Every write should be followed by a commit. Group related edits in a single commit:

cd marketing-planner
git add clients/<slug>/posts/p041.json clients/<slug>/posts/index.json
git commit -m "viktor(<slug>): draft p041 hydration carousel"
git push

For approvals:

git add clients/<slug>/posts/p041.json clients/<slug>/approvals.log
git commit -m "viktor(<slug>): approve p041 (martin via telegram)"
git push

For performance syncs (typically once a day):

git add clients/<slug>/performance.json
git commit -m "viktor(<slug>): sync performance (week 8)"
git push

This gives a complete audit trail. Pilar never touches git.

Common workflows

"Draft 3 posts for next week's hydration campaign"

  1. Read brief.json for voice, plan.json for the campaign's pillar/color and the relevant weekly focus from goals.json.
  2. Generate 3 ideas that fit the pillar + the weekly KPI.
  3. For each: pick the next free id (look at posts/index.json), write the post file with status: "in_review", approval.version: 1.
  4. Update posts/index.json to include the new ids.
  5. If an image is needed and not provided, call Nano Banana, save the URL into image.
  6. Commit + push.
  7. Send Telegram previews to the human reviewer.

"Approve p041 p042"

See "Approvals — the literal pattern" above.

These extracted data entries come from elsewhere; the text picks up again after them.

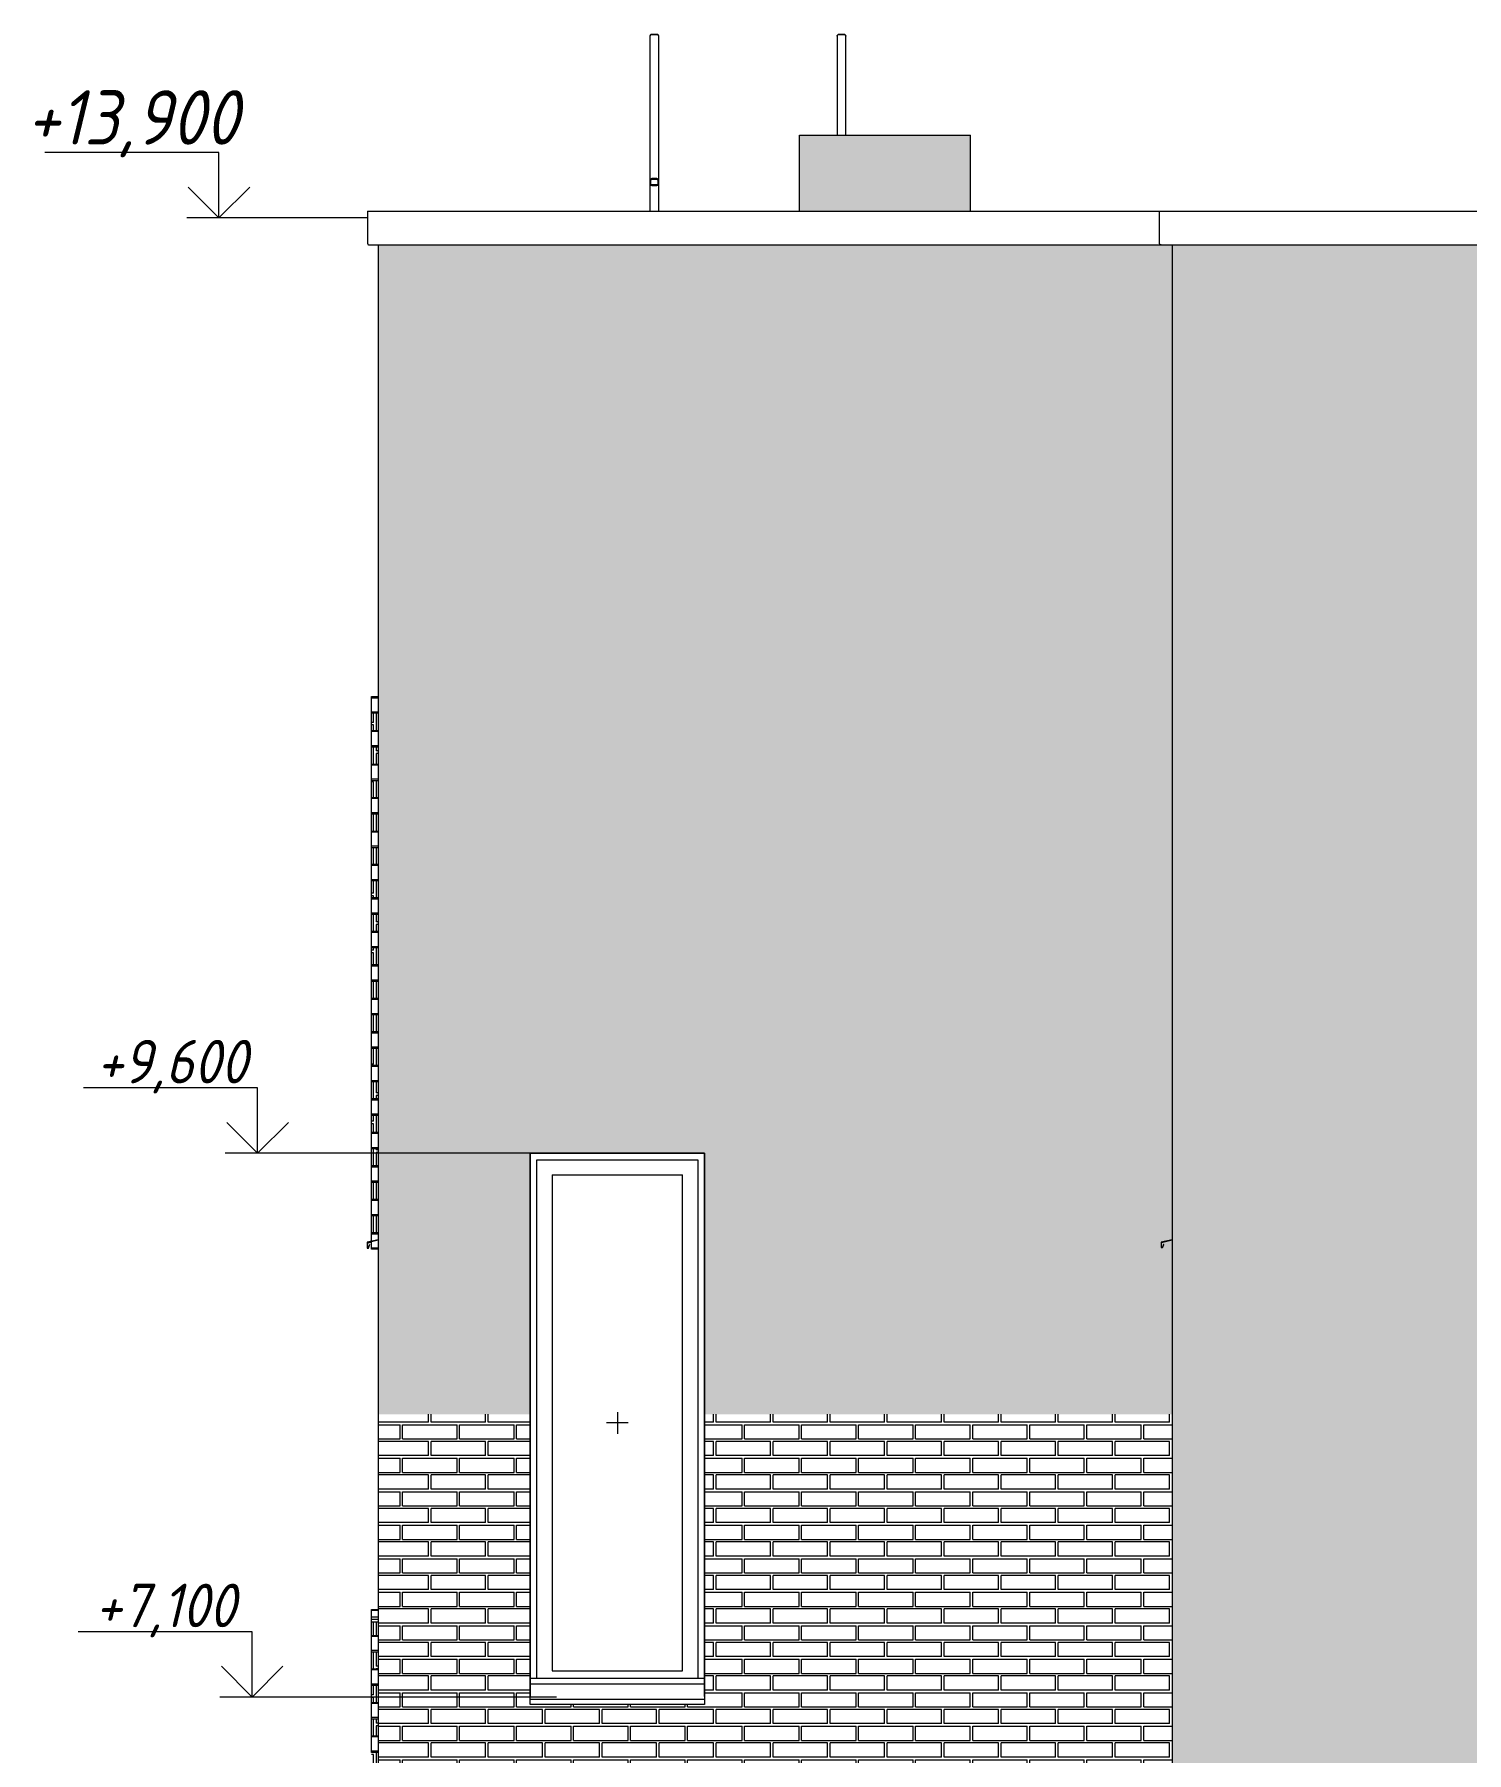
# Model space of a CAD drawing. Header units: millimetres. Extents: x -2128 to 116635, y -18248 to 18481.
# Drawn here: x 102856 to 109439, y 6845 to 14743 of the extents above; entities that cross this region are included whole.
import ezdxf

# ---------------------------------------------------------------- set-up
doc = ezdxf.new("R2010")
doc.units = ezdxf.units.MM
doc.linetypes.add('Штрих', pattern=[635, 317.5, -317.5])
for name, color, linetype, lineweight in [('A-DETL-1', 7, 'Continuous', 5), ('A-GENM', 7, 'Continuous', 9), ('A-GLAZ', 7, 'Continuous', 9), ('A-GLAZ-1', 7, 'Continuous', 5), ('A-GLAZ-2', 7, 'Штрих', 5), ('A-WALL', 7, 'Continuous', 5), ('A-WALL-PATT', 7, 'Continuous', 5), ('G-ANNO-DIMS', 7, 'Continuous', 9), ('G-ANNO-DIMS-1', 7, 'Continuous', 20), ('I-WALL', 7, 'Continuous', 5)]:
    doc.layers.add(name, color=color, linetype=linetype, lineweight=lineweight)
doc.styles.add('ISOCPEUR_I', font='isocpeui.ttf', dxfattribs={"width": 0.9, "height": 250})
doc.styles.add('ISOCPEUR_I_1', font='isocpeui.ttf', dxfattribs={"width": 0.9, "height": 200})
pattern_1 = [(180, (108335.17, 8471), (-2e-14, -154), [125, -137]), (90, (108335.17, 8406), (-262, 2e-14), [65, -89]), (180, (108335.17, 8406), (-2e-14, -154), [125, -137]), (90, (108347.17, 8406), (-262, 2e-14), [65, -89]), (180, (108472.17, 8406), (-2e-14, -154), [125, -137]), (180, (108472.17, 8471), (-2e-14, -154), [125, -137]), (90, (108216.17, 8483), (-262, 2e-14), [65, -89]), (90, (108466.17, 8483), (-262, 2e-14), [65, -89]), (0, (108216.17, 8483), (0, -154), [250, -12]), (0, (108216.17, 8548), (0, -154), [250, -12])]
pattern_2 = [(180, (103596.68, 8458.23), (-2e-14, -154), [125, -137]), (90, (103596.68, 8393.23), (-262, 2e-14), [65, -89]), (180, (103596.68, 8393.23), (-2e-14, -154), [125, -137]), (90, (103608.68, 8393.23), (-262, 2e-14), [65, -89]), (180, (103733.68, 8393.23), (-2e-14, -154), [125, -137]), (180, (103733.68, 8458.23), (-2e-14, -154), [125, -137]), (90, (103477.68, 8470.23), (-262, 2e-14), [65, -89]), (90, (103727.68, 8470.23), (-262, 2e-14), [65, -89]), (0, (103477.68, 8470.23), (0, -154), [250, -12]), (0, (103477.68, 8535.23), (0, -154), [250, -12])]
pattern_3 = [(180, (103594.18, 4223.23), (-2e-14, -154), [125, -137]), (90, (103594.18, 4158.23), (-262, 2e-14), [65, -89]), (180, (103594.18, 4158.23), (-2e-14, -154), [125, -137]), (90, (103606.18, 4158.23), (-262, 2e-14), [65, -89]), (180, (103731.18, 4158.23), (-2e-14, -154), [125, -137]), (180, (103731.18, 4223.23), (-2e-14, -154), [125, -137]), (90, (103475.18, 4235.23), (-262, 2e-14), [65, -89]), (90, (103725.18, 4235.23), (-262, 2e-14), [65, -89]), (0, (103475.18, 4235.23), (0, -154), [250, -12]), (0, (103475.18, 4300.23), (0, -154), [250, -12])]

# ---------------------------------------------------------------- blocks, each defined once
blk = doc.blocks.new('парапет - парапет-18575254-АР2_Фасад в А-Г копия 1')
at = {"layer": 'A-GENM'}
for p, q in [((-398.1, 13930), (3241.9, 13930)), ((-398.1, 13930), (-398.1, 13783)), ((3241.9, 13930), (10630, 13930)), ((3241.9, 13783), (3241.9, 13930)), ((10630, 13930), (10630, 13907.7)), ((10630, 13905.7), (10630, 13880)), ((-391, 13775.9), (3249, 13775.9)), ((3249, 13775.9), (10250, 13775.9))]:
    blk.add_line(p, q, dxfattribs=at)
for points, knots in [([(-398.1, 13783), (-398.1, 13782.5), (-397.9, 13781.3), (-397.4, 13780), (-396.9, 13779), (-396.3, 13778.4), (-395.7, 13777.8), (-395.1, 13777.2), (-394.4, 13776.8), (-393.6, 13776.4), (-392.8, 13776.1), (-391.9, 13776), (-391.1, 13775.9), (-390.5, 13775.9), (-390.3, 13776)], [0, 0, 0, 0, 0.1111111, 0.2222222, 0.2777778, 0.3333333, 0.3888889, 0.4444444, 0.5, 0.5555556, 0.6111111, 0.6666667, 0.7222222, 0.7777778, 0.7777778, 0.7777778, 0.7777778]), ([(3249.7, 13776), (3249.5, 13775.9), (3248.9, 13775.9), (3248.1, 13776), (3247.2, 13776.1), (3246.4, 13776.4), (3245.6, 13776.8), (3244.9, 13777.2), (3244.3, 13777.8), (3243.7, 13778.4), (3243.1, 13779), (3242.6, 13780), (3242.1, 13781.3), (3241.9, 13782.5), (3241.9, 13783)], [-0.7777778, -0.7777778, -0.7777778, -0.7777778, -0.7222222, -0.6666667, -0.6111111, -0.5555556, -0.5, -0.4444444, -0.3888889, -0.3333333, -0.2777778, -0.2222222, -0.1111111, 0, 0, 0, 0])]:
    blk.add_open_spline(points, degree=3, knots=knots, dxfattribs=at)
for points in [[(-391, 13775.9), (-390.7, 13775.9), (-390.5, 13775.9), (-390.3, 13776)], [(3249, 13775.9), (3249.3, 13775.9), (3249.5, 13775.9), (3249.7, 13776)]]:
    blk.add_open_spline(points, degree=3, dxfattribs=at)
blk = doc.blocks.new('Окно_СКБ_1Ст_БезПР - ОК-22_800х2500_h_ глухое-34006729-АР2_Фасад в А-Г копия 1')
at = {"layer": 'A-GLAZ-1'}
for p, q in [((350, 9600), (350, 7102.5)), ((1150, 9600), (350, 9600)), ((380, 7185), (380, 9570)), ((380, 9570), (450, 9570)), ((450, 9570), (1050, 9570)), ((1050, 9570), (1120, 9570)), ((1120, 9570), (1120, 7185)), ((1150, 7102.5), (1150, 9600)), ((450, 9500), (450, 7220)), ((450, 9500), (1050, 9500)), ((1050, 7220), (1050, 9500)), ((450, 7220), (1050, 7220))]:
    blk.add_line(p, q, dxfattribs=at)
at = {"layer": 'A-GLAZ-2'}
for p, q in [((750, 8410), (750, 8310)), ((800, 8360), (700, 8360))]:
    blk.add_line(p, q, dxfattribs=at)
blk = doc.blocks.new('ОП_Труба - ОП_Труба 40x40x4_Угловая-30591808-АР2_Фасад в А-Г копия 1')
at = {"layer": 'A-GENM'}
for p, q in [((900, 14055), (900, 13930)), ((940, 13930), (940, 14055))]:
    blk.add_line(p, q, dxfattribs=at)
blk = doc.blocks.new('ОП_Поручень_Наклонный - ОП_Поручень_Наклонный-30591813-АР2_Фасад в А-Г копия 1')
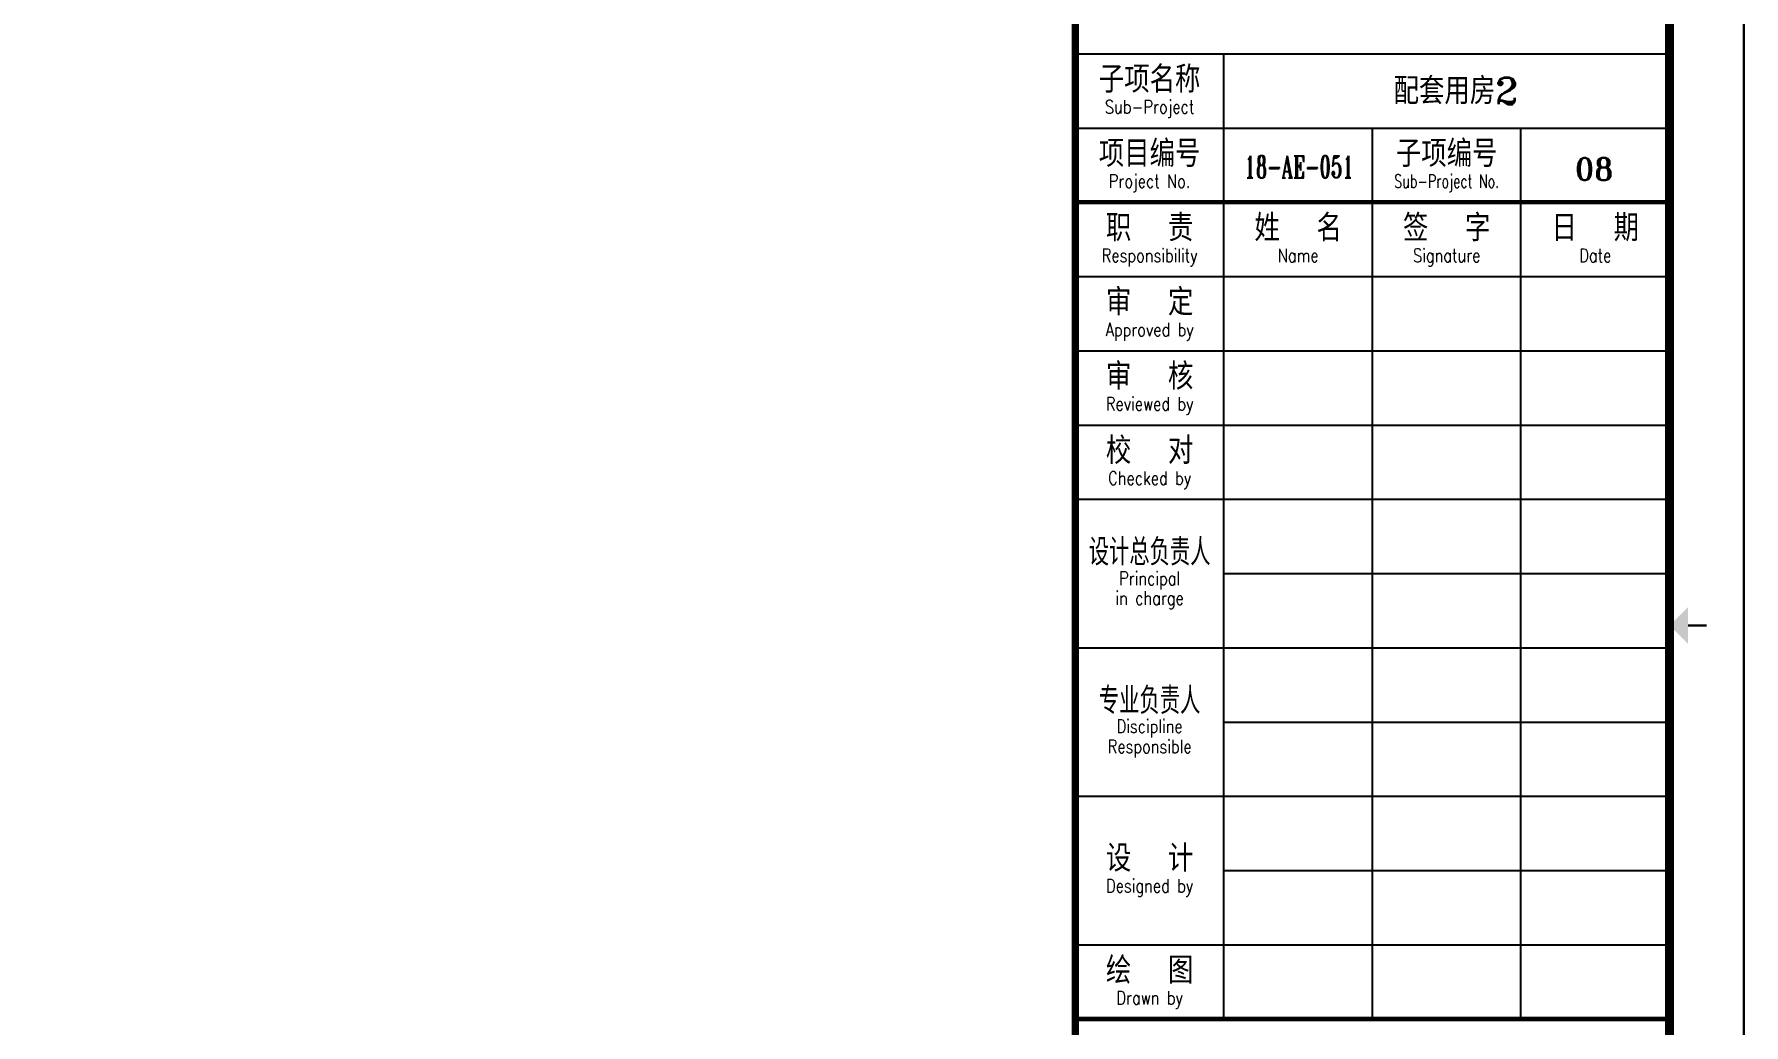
# Model space of a CAD drawing. Header units: millimetres. Extents: x -13830 to 215738, y -24143 to 193994.
# Drawn here: x 128539 to 140048, y 51768 to 58439 of the extents above; entities that cross this region are included whole.
import ezdxf
from ezdxf.enums import TextEntityAlignment as Align

# ---------------------------------------------------------------- set-up
doc = ezdxf.new("R2010")
doc.units = ezdxf.units.MM
doc.header["$LTSCALE"] = 100
doc.layers.get('0').update_dxf_attribs({"linetype": 'CONTINUOUS'})
doc.layers.add('TK HAHA', color=1, linetype='CONTINUOUS')
doc.layers.add('图框', color=7, linetype='CONTINUOUS')
doc.styles.add('TKZ1_tjhts.shx', font='tjromant.shx', dxfattribs={"bigfont": 'tjhts.shx'})
doc.styles.add('TKZ2_tjkts.shx', font='tjromant.shx', dxfattribs={"bigfont": 'tjkts.shx'})

# ---------------------------------------------------------------- blocks, each defined once
blk = doc.blocks.new('建筑类图框_A2')
for p, q in [((504, 287), (584, 287)), ((524, 157), (524, 287)), ((504, 277), (584, 277)), ((544, 157), (544, 277)), ((564, 157), (564, 277)), ((504, 257), (584, 257)), ((504, 247), (584, 247)), ((504, 237), (584, 237)), ((504, 227), (584, 227)), ((524, 217), (584, 217)), ((504, 207), (584, 207)), ((524, 197), (584, 197)), ((504, 187), (584, 187)), ((524, 177), (584, 177)), ((504, 167), (584, 167))]:
    blk.add_line(p, q)
for points, const_width in [([(504, 410), (504, 10)], 1), ([(504, 267), (584, 267)], 0.6), ([(504, 157), (584, 157)], 0.6)]:
    blk.add_lwpolyline(points, dxfattribs=dict(const_width=const_width))
at = {"layer": '图框'}
blk.add_line((594, 0), (594, 420), dxfattribs=at)
at = {"layer": '图框', "const_width": 1.2}
blk.add_lwpolyline([(584, 410), (25, 410), (25, 10), (584, 10)], close=True, dxfattribs=at)
at = {"layer": '图框', "const_width": 0.3}
blk.add_lwpolyline([(586.5, 210), (589, 210)], dxfattribs=at)
at = {"layer": '图框'}
blk.add_solid([(586.5, 207.5), (586.5, 212.5), (584, 210)], dxfattribs=at)
at = {"style": 'TKZ2_tjkts.shx'}
for s, p in [('子项名称', (514, 283.55)), ('项目编号', (514, 273.55)), ('职  责', (514, 263.55)), ('姓  名', (534, 263.55)), ('签  字', (554, 263.55)), ('日  期', (574, 263.55)), ('审  定', (514, 253.55)), ('审  核', (514, 243.55)), ('校  对', (514, 233.55)), ('设  计', (514, 178.65)), ('绘  图', (514, 163.55))]:
    blk.add_text(s, height=3.6, dxfattribs=at).set_placement(p, align=Align.MIDDLE_CENTER)
at = {"style": 'TKZ2_tjkts.shx', "width": 0.8}
for s, height, p in [('Sub-Project', 1.8, (514, 279.85)), ('Project No.', 1.8, (514, 269.85)), ('Responsibility', 1.8, (514, 259.85)), ('Name', 1.8, (534, 259.85)), ('Signature', 1.8, (554, 259.85)), ('Date', 1.8, (574, 259.85)), ('Approved by', 1.8, (514, 249.85)), ('Reviewed by', 1.8, (514, 239.85)), ('Checked by', 1.8, (514, 229.85)), ('设计总负责人', 3.6, (514, 219.88)), ('Principal', 1.8, (514, 216.35)), ('in charge', 1.8, (514, 213.7)), ('专业负责人', 3.6, (514, 199.88)), ('Discipline', 1.8, (514, 196.43)), ('Responsible', 1.8, (514, 193.7)), ('Designed by', 1.8, (514, 174.95)), ('Drawn by', 1.8, (514, 159.85))]:
    blk.add_text(s, height=height, dxfattribs=at).set_placement(p, align=Align.MIDDLE_CENTER)
at = {"style": 'TKZ1_tjhts.shx', "flags": 1}
for tag, p in [('CLIENT', (544, 391.5)), ('PROJETNAME', (544, 295.01)), ('SHEETTITLE', (544, 138.31))]:
    blk.add_attdef(tag, text='', height=5, dxfattribs=at).set_placement(p, align=Align.MIDDLE_CENTER)
at = {"style": 'TKZ1_tjhts.shx'}
for tag, height, p in [('SUB-PROJECT', 3.6, (554, 282)), ('SPRONO', 3, (573.85, 271.46)), ('DISLIN', 3.6, (534.11, 125.02)), ('STAGE', 3.6, (573.85, 124.59)), ('SHENO', 3, (533.97, 114.1)), ('REV', 3, (573.42, 115.09))]:
    blk.add_attdef(tag, text='', height=height, dxfattribs=at).set_placement(p, align=Align.MIDDLE_CENTER)
at = {"style": 'TKZ1_tjhts.shx', "width": 0.6}
blk.add_attdef('PRONO', text='', height=3, dxfattribs=at).set_placement((534.12, 271.77), align=Align.MIDDLE_CENTER)
at = {"layer": '图框', "style": 'TKZ2_tjkts.shx'}
blk.add_text('子项编号', height=3.6, dxfattribs=at).set_placement((554, 273.55), align=Align.MIDDLE_CENTER)
at = {"layer": '图框', "style": 'TKZ2_tjkts.shx', "width": 0.7}
blk.add_text('Sub-Project No.', height=1.8, dxfattribs=at).set_placement((554, 269.85), align=Align.MIDDLE_CENTER)

msp = doc.modelspace()

# ---------------------------------------------------------------- linework, layer by layer
at = {"layer": 'TK HAHA', "color": 1}
msp.add_lwpolyline([(140048.2, 43957.2), (110348.2, 43957.2), (110348.2, 64957.2), (140048.2, 64957.2)], close=True, dxfattribs=at)

# ---------------------------------------------------------------- block references
at = {"layer": '图框'}
ref = msp.add_blockref('建筑类图框_A2', (110348.2, 43957.2), dxfattribs=dict(at, xscale=50, yscale=50, zscale=50))
ref.add_attrib('SUB-PROJECT', ' 配套用房2', dxfattribs={"layer": '0', "height": 180, "style": 'TKZ1_tjhts.shx'}).set_placement((138048.2, 58057.2), align=Align.MIDDLE_CENTER)
ref.add_attrib('PRONO', '18-AE-051', dxfattribs={"layer": '0', "height": 150, "style": 'TKZ1_tjhts.shx', "width": 0.6}).set_placement((137054.2, 57545.7), align=Align.MIDDLE_CENTER)
ref.add_attrib('SPRONO', '08', dxfattribs={"layer": '0', "height": 150, "style": 'TKZ1_tjhts.shx'}).set_placement((139040.9, 57530.4), align=Align.MIDDLE_CENTER)

doc.saveas('drawing.dxf')

"Sync metrics from Postiz"

  1. Pull per-post + aggregate metrics from the Postiz API.
  2. Rewrite performance.json completely. Compute vsGoals by comparing aggregates against goals.json.
  3. Generate weeklySummary.wins / losses / nextTest from the data.
  4. Commit + push.
  5. Send the weekly summary to Telegram.

"Log a learning"

  1. Append an entry to learnings.json items[] with a new id (l001, l002, …).
  2. Include the related post / campaign / platform if relevant.
  3. Always fill recommendedBehaviorChange — a learning that doesn't change behavior is noise.
  4. Commit + push.

Where the dashboard reads from

Dev: http://localhost:5173/ reads /data/<slug>/*.json (the Vite middleware proxies to marketing-planner/clients/<slug>/).

Prod: http://100.92.24.75/ (Tailnet) reads /data/<slug>/*.json from the Caddy container, which serves /opt/marketing-planner/clients/<slug>/ directly.

In both cases the dashboard refetches on each page load. Your edit becomes visible to humans on the next browser refresh — no build step, no cache to bust.